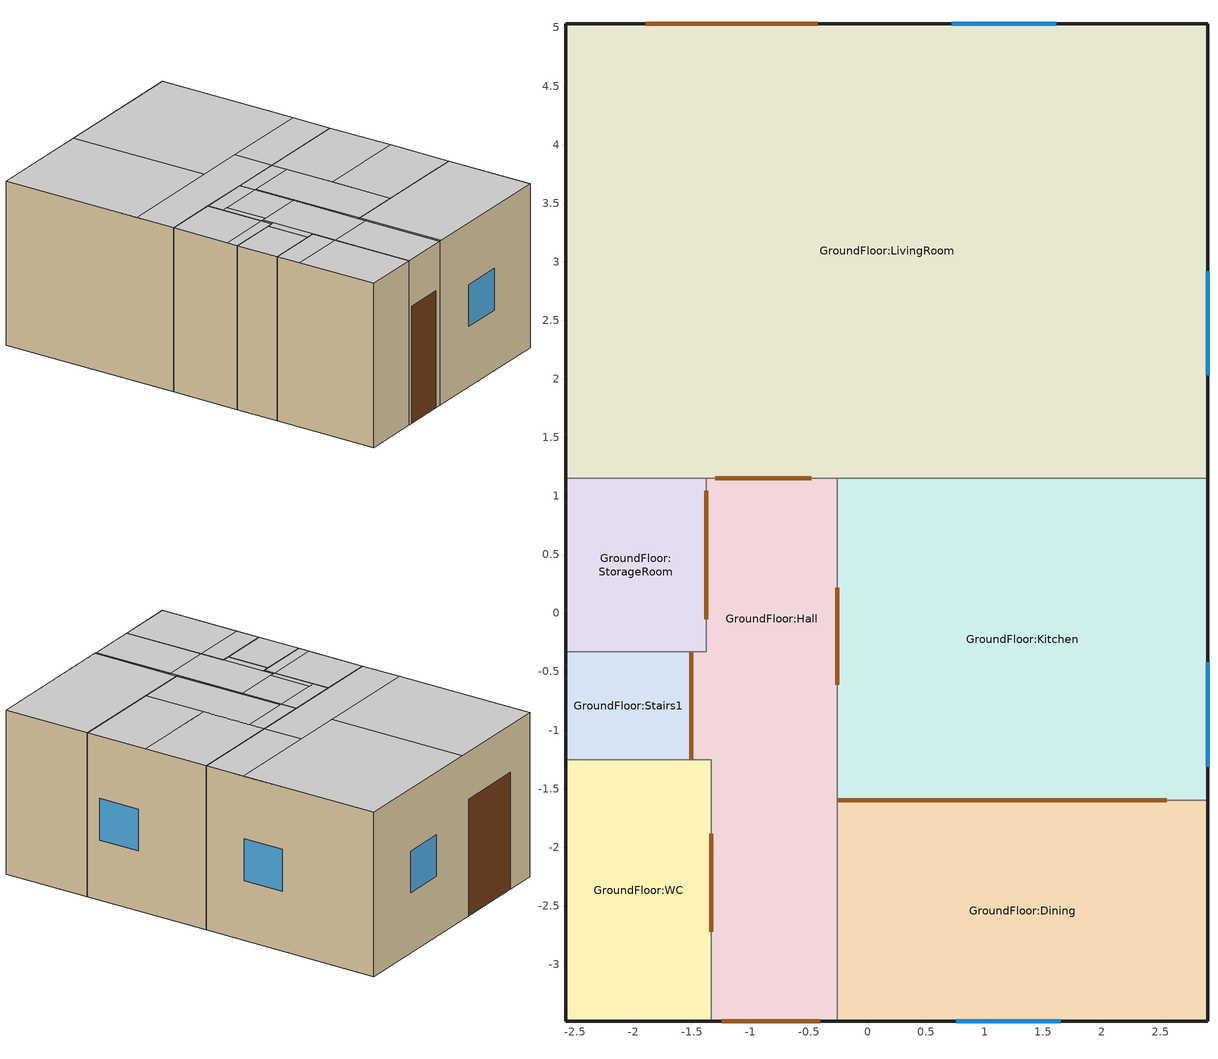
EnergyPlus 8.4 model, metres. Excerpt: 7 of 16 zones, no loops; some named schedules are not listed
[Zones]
GroundFloor:Stairs1
 floor ground (Copy of Corby_(Floor) Ground Floor_NO tiles(carpet)_UKCODELEVEL3): -1.51,-1.25 -2.58,-1.25 -2.58,-0.33 -1.51,-0.33 z0
 wall outside (Copy of Corby_External Walls_UKCODELEVEL3): -2.58,-0.33 -2.58,-1.25 z0:3.5
 wall to GroundFloor:Hall (Corby_Partition First Floor): -1.51,-1.25 -1.51,-0.33 z0:3.5
 wall to GroundFloor:StorageRoom (Corby_Partition First Floor): -1.51,-0.33 -2.58,-0.33 z0:3.5
 wall to GroundFloor:WC (Corby_Partition First Floor): -2.58,-1.25 -1.51,-1.25 z0:3.5
 door inside (IRTSurface): -1.51,-1.25 -1.51,-0.33 z0:3.5
 ceiling to FirstFloor:CupXD (Copy of Corby_(Floor) Ground Floor_NO tiles(carpet)_Internal_UKCODELEVEL3_Reversed): -2.58,-1.25 -1.51,-1.25 -1.51,-0.33 -2.58,-0.33 z3.5
GroundFloor:Hall
 floor ground (Copy of Corby_(Floor) Ground Floor_NO tiles(carpet)_UKCODELEVEL3): -1.38,-1.25 -1.51,-1.25 -1.51,-0.33 -1.38,-0.33 z0; -0.26,-3.49 -1.33,-3.49 -1.33,-1.25 -0.26,-1.25 z0; -0.26,-1.25 -1.38,-1.25 -1.38,1.15 -0.26,1.15 z0
 wall outside (Copy of Corby_External Walls_UKCODELEVEL3): -1.33,-3.49 -0.26,-3.49 z0:3.5
 wall to GroundFloor:Kitchen (Corby_Partition First Floor): -0.26,-1.6 -0.26,1.15 z0:3.5
 wall to GroundFloor:LivingRoom (Project partition_Rev): -0.26,1.15 -1.38,1.15 z0:3.5
 wall to GroundFloor:StorageRoom (Corby_Partition First Floor): -1.38,1.15 -1.38,-0.33 -1.51,-0.33 z0:3.5
 wall to GroundFloor:WC (Corby_Partition First Floor): -1.51,-1.25 -1.33,-1.25 -1.33,-3.49 z0:3.5
 wall to GroundFloor:Dining (Corby_Partition First Floor): -0.26,-3.49 -0.26,-1.6 z0:3.5
 door inside (Corby_Internal Doors): -0.26,-0.61 -0.26,0.22 / -0.48,1.15 -1.3,1.15 / -1.33,-1.88 -1.33,-2.72 z0:2.5; -1.38,1.04 -1.38,-0.05 z0:2
 door (Corby_External Front Door): -1.25,-3.49 -0.41,-3.49 z0:2.5
 ceiling to FirstFloor:Stairs2 (Copy of Corby_(Floor) Ground Floor_NO tiles(carpet)_Internal_UKCODELEVEL3_Reversed): -1.38,-0.09 -1.24,-0.09 -1.24,0.8 -1.38,0.8 z3.5; -1.38,0.8 -0.26,0.8 -0.26,1.15 -1.38,1.15 z3.5
 ceiling to FirstFloor:AXC (Copy of Corby_(Floor) Ground Floor_NO tiles(carpet)_Internal_UKCODELEVEL3_Reversed): -1.24,-0.09 -0.26,-0.09 -0.26,0.8 -1.24,0.8 z3.5
 ceiling to FirstFloor:CupXD (Copy of Corby_(Floor) Ground Floor_NO tiles(carpet)_Internal_UKCODELEVEL3_Reversed): -1.51,-1.25 -1.33,-1.25 -1.33,-0.33 -1.51,-0.33 z3.5; -1.33,-1.76 -0.26,-1.76 -0.26,-0.09 -1.33,-0.09 z3.5
 ceiling to FirstFloor:EnSuite (Copy of Corby_(Floor) Ground Floor_NO tiles(carpet)_Internal_UKCODELEVEL3_Reversed): -1.33,-3.49 -0.26,-3.49 -0.26,-1.76 -1.33,-1.76 z3.5
GroundFloor:StorageRoom
 floor ground (Copy of Corby_(Floor) Ground Floor_NO tiles(carpet)_UKCODELEVEL3): -1.38,-0.33 -2.58,-0.33 -2.58,1.15 -1.38,1.15 z0
 wall outside (Copy of Corby_External Walls_UKCODELEVEL3): -2.58,1.15 -2.58,-0.33 z0:3.5
 wall to GroundFloor:LivingRoom (Project partition_Rev): -1.38,1.15 -2.58,1.15 z0:3.5
 ceiling to FirstFloor:Stairs2 (Copy of Corby_(Floor) Ground Floor_NO tiles(carpet)_Internal_UKCODELEVEL3_Reversed): -2.58,-0.09 -1.38,-0.09 -1.38,1.15 -2.58,1.15 z3.5
 ceiling to FirstFloor:CupXD (Copy of Corby_(Floor) Ground Floor_NO tiles(carpet)_Internal_UKCODELEVEL3_Reversed): -2.58,-0.33 -1.38,-0.33 -1.38,-0.09 -2.58,-0.09 z3.5
GroundFloor:WC
 floor ground (Copy of Corby_(Floor) Ground Floor_NO tiles(carpet)_UKCODELEVEL3): -1.33,-3.49 -2.58,-3.49 -2.58,-1.25 -1.33,-1.25 z0
 wall outside (Copy of Corby_External Walls_UKCODELEVEL3): -2.58,-1.25 -2.58,-3.49 -1.33,-3.49 z0:3.5
 ceiling to FirstFloor:CupXD (Copy of Corby_(Floor) Ground Floor_NO tiles(carpet)_Internal_UKCODELEVEL3_Reversed): -2.58,-1.76 -1.33,-1.76 -1.33,-1.25 -2.58,-1.25 z3.5
 ceiling to FirstFloor:EnSuite (Copy of Corby_(Floor) Ground Floor_NO tiles(carpet)_Internal_UKCODELEVEL3_Reversed): -2.58,-3.49 -1.33,-3.49 -1.33,-1.76 -2.58,-1.76 z3.5
GroundFloor:Kitchen
 floor ground (Copy of Corby_(Floor) Ground Floor_tiles_UKCODELEVEL3): 2.91,-1.6 -0.26,-1.6 -0.26,1.15 2.91,1.15 z0
 wall outside (Copy of Corby_External Walls_UKCODELEVEL3): 2.91,-1.6 2.91,1.15 z0:3.5
 wall to GroundFloor:LivingRoom (Corby_Partition First Floor_Rev): 2.91,1.15 -0.26,1.15 z0:3.5
 wall to GroundFloor:Dining (Corby_Partition First Floor): -0.26,-1.6 2.91,-1.6 z0:3.5
 window (1001): 2.91,-1.31 2.91,-0.42 z1.28:2.18
 door inside (IRTSurface): -0.26,-1.6 2.55,-1.6 z0:3.5
 ceiling to FirstFloor:Stairs2 (Copy of Corby_(Floor) Ground Floor_NO tiles(carpet)_Internal_UKCODELEVEL3_Reversed): -0.26,0.8 0.86,0.8 0.86,1.15 -0.26,1.15 z3.5
 ceiling to FirstFloor:Bedroom1 (Copy of Corby_(Floor) Ground Floor_NO tiles(carpet)_Internal_UKCODELEVEL3_Reversed): 0.87,-1.6 2.91,-1.6 2.91,-0.26 0.87,-0.25 z3.5; -0.22,-1.6 0.87,-1.6 0.86,0.8 -0.22,0.8 z3.5
 ceiling to FirstFloor:Bathroom (Copy of Corby_(Floor) Ground Floor_NO tiles(carpet)_Internal_UKCODELEVEL3_Reversed): 0.87,-0.25 2.91,-0.26 2.91,1.15 0.86,1.15 z3.5
 ceiling to FirstFloor:CupXD (Copy of Corby_(Floor) Ground Floor_NO tiles(carpet)_Internal_UKCODELEVEL3_Reversed): -0.26,-1.6 -0.22,-1.6 -0.22,-0.09 -0.26,-0.09 z3.5
GroundFloor:LivingRoom
 floor ground (Copy of Corby_(Floor) Ground Floor_NO tiles(carpet)_UKCODELEVEL3): 2.91,1.15 -2.58,1.15 -2.58,5.03 2.91,5.03 z0
 wall outside (Copy of Corby_External Walls_UKCODELEVEL3): 2.91,1.15 2.91,5.03 -2.58,5.03 z0:3.5
 wall outside (Corby_External Walls): -2.58,5.03 -2.58,1.15 z0:3.5
 window (1001): 2.91,2.03 2.91,2.92 z1.28:2.17; 1.61,5.03 0.72,5.03 z1.29:2.17
 door (Corby_External Back Door): -0.42,5.03 -1.89,5.03 z0:2.49
 ceiling to FirstFloor:Stairs2 (Copy of Corby_(Floor) Ground Floor_NO tiles(carpet)_Internal_UKCODELEVEL3_Reversed): -2.58,1.15 0.86,1.15 0.86,2 -2.58,2 z3.5
 ceiling to FirstFloor:Bathroom (Copy of Corby_(Floor) Ground Floor_NO tiles(carpet)_Internal_UKCODELEVEL3_Reversed): 0.86,1.15 2.91,1.15 2.91,2 0.86,2 z3.5
 ceiling to FirstFloor:Bedroom3 (Copy of Corby_(Floor) Ground Floor_NO tiles(carpet)_Internal_UKCODELEVEL3_Reversed): -2.58,2 -0.21,2 -0.21,5.03 -2.58,5.03 z3.5
 ceiling to FirstFloor:Bedroom2 (Copy of Corby_(Floor) Ground Floor_NO tiles(carpet)_Internal_UKCODELEVEL3_Reversed): -0.21,2 2.91,2 2.91,5.03 -0.21,5.03 z3.5
GroundFloor:Dining
 floor ground (Copy of Corby_(Floor) Ground Floor_NO tiles(carpet)_UKCODELEVEL3): 2.91,-3.49 -0.26,-3.49 -0.26,-1.6 2.91,-1.6 z0
 wall outside (Copy of Corby_External Walls_UKCODELEVEL3): -0.26,-3.49 2.91,-3.49 2.91,-1.6 z0:3.5
 window (1002): 0.76,-3.49 1.65,-3.49 z1.29:2.18
 ceiling to FirstFloor:Bedroom1 (Copy of Corby_(Floor) Ground Floor_NO tiles(carpet)_Internal_UKCODELEVEL3_Reversed): -0.21,-3.49 2.91,-3.49 2.91,-1.6 -0.22,-1.6 z3.5
 ceiling to FirstFloor:EnSuite (Copy of Corby_(Floor) Ground Floor_NO tiles(carpet)_Internal_UKCODELEVEL3_Reversed): -0.26,-3.49 -0.21,-3.49 -0.22,-1.76 -0.26,-1.76 z3.5
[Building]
────────────────
* Exercise instructions
Please make an exact copy of the lines above from the line with "door inside (Corby_Internal" through the line with "-0.26,-0.09 -1.33,-0.09 z3.5", both ends included.

* Problem solution
 door inside (Corby_Internal Doors): -0.26,-0.61 -0.26,0.22 / -0.48,1.15 -1.3,1.15 / -1.33,-1.88 -1.33,-2.72 z0:2.5; -1.38,1.04 -1.38,-0.05 z0:2
 door (Corby_External Front Door): -1.25,-3.49 -0.41,-3.49 z0:2.5
 ceiling to FirstFloor:Stairs2 (Copy of Corby_(Floor) Ground Floor_NO tiles(carpet)_Internal_UKCODELEVEL3_Reversed): -1.38,-0.09 -1.24,-0.09 -1.24,0.8 -1.38,0.8 z3.5; -1.38,0.8 -0.26,0.8 -0.26,1.15 -1.38,1.15 z3.5
 ceiling to FirstFloor:AXC (Copy of Corby_(Floor) Ground Floor_NO tiles(carpet)_Internal_UKCODELEVEL3_Reversed): -1.24,-0.09 -0.26,-0.09 -0.26,0.8 -1.24,0.8 z3.5
 ceiling to FirstFloor:CupXD (Copy of Corby_(Floor) Ground Floor_NO tiles(carpet)_Internal_UKCODELEVEL3_Reversed): -1.51,-1.25 -1.33,-1.25 -1.33,-0.33 -1.51,-0.33 z3.5; -1.33,-1.76 -0.26,-1.76 -0.26,-0.09 -1.33,-0.09 z3.5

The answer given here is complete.